◆ Stored entries:
:::::
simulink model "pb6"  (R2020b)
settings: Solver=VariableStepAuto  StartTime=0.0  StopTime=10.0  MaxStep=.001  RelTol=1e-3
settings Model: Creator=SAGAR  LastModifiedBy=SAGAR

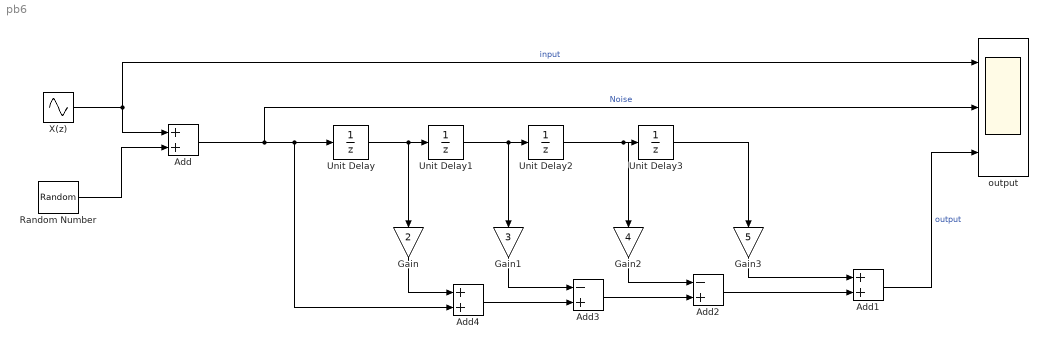
== system pb6 ==
  Add : Sum
  Add1 : Sum
  Add2 : Sum  Inputs=-+
  Add3 : Sum  Inputs=-+
  Add4 : Sum
  Gain : Gain  Gain=2
  Gain1 : Gain  Gain=3
  Gain2 : Gain  Gain=4
  Gain3 : Gain  Gain=5
  Random Number : RandomNumber  SampleTime=0.1
  Unit Delay{,1..3} (4 alike) : UnitDelay  SampleTime=-1  HasFrameUpgradeWarning=on
  X(z) : Sin  SampleTime=0
  output : Scope  NumInputPorts=3
  wires:
  Unit Delay/1 -> Gain/1, Unit Delay1/1
  Unit Delay1/1 -> Gain1/1, Unit Delay2/1
  Unit Delay2/1 -> Gain2/1, Unit Delay3/1
  Add/1 -> output/2, Add4/2, Unit Delay/1  "Noise"
  Unit Delay3/1 -> Gain3/1
  Gain/1 -> Add4/1
  Gain1/1 -> Add3/1
  Gain2/1 -> Add2/1
  Gain3/1 -> Add1/1
  Add4/1 -> Add3/2
  Add3/1 -> Add2/2
  Add2/1 -> Add1/2
  Add1/1 -> output/3  "output"
  X(z)/1 -> Add/1, output/1  "input"
  Random Number/1 -> Add/2
:::::
◆ Your objective:
All entries above should be returned exactly, apart from their pictures.

◆ Result for this exercise:
simulink model "pb6"  (R2020b)
settings: Solver=VariableStepAuto  StartTime=0.0  StopTime=10.0  MaxStep=.001  RelTol=1e-3
settings Model: Creator=SAGAR  LastModifiedBy=SAGAR

== system pb6 ==
  Add : Sum
  Add1 : Sum
  Add2 : Sum  Inputs=-+
  Add3 : Sum  Inputs=-+
  Add4 : Sum
  Gain : Gain  Gain=2
  Gain1 : Gain  Gain=3
  Gain2 : Gain  Gain=4
  Gain3 : Gain  Gain=5
  Random Number : RandomNumber  SampleTime=0.1
  Unit Delay{,1..3} (4 alike) : UnitDelay  SampleTime=-1  HasFrameUpgradeWarning=on
  X(z) : Sin  SampleTime=0
  output : Scope  NumInputPorts=3
  wires:
  Unit Delay/1 -> Gain/1, Unit Delay1/1
  Unit Delay1/1 -> Gain1/1, Unit Delay2/1
  Unit Delay2/1 -> Gain2/1, Unit Delay3/1
  Add/1 -> output/2, Add4/2, Unit Delay/1  "Noise"
  Unit Delay3/1 -> Gain3/1
  Gain/1 -> Add4/1
  Gain1/1 -> Add3/1
  Gain2/1 -> Add2/1
  Gain3/1 -> Add1/1
  Add4/1 -> Add3/2
  Add3/1 -> Add2/2
  Add2/1 -> Add1/2
  Add1/1 -> output/3  "output"
  X(z)/1 -> Add/1, output/1  "input"
  Random Number/1 -> Add/2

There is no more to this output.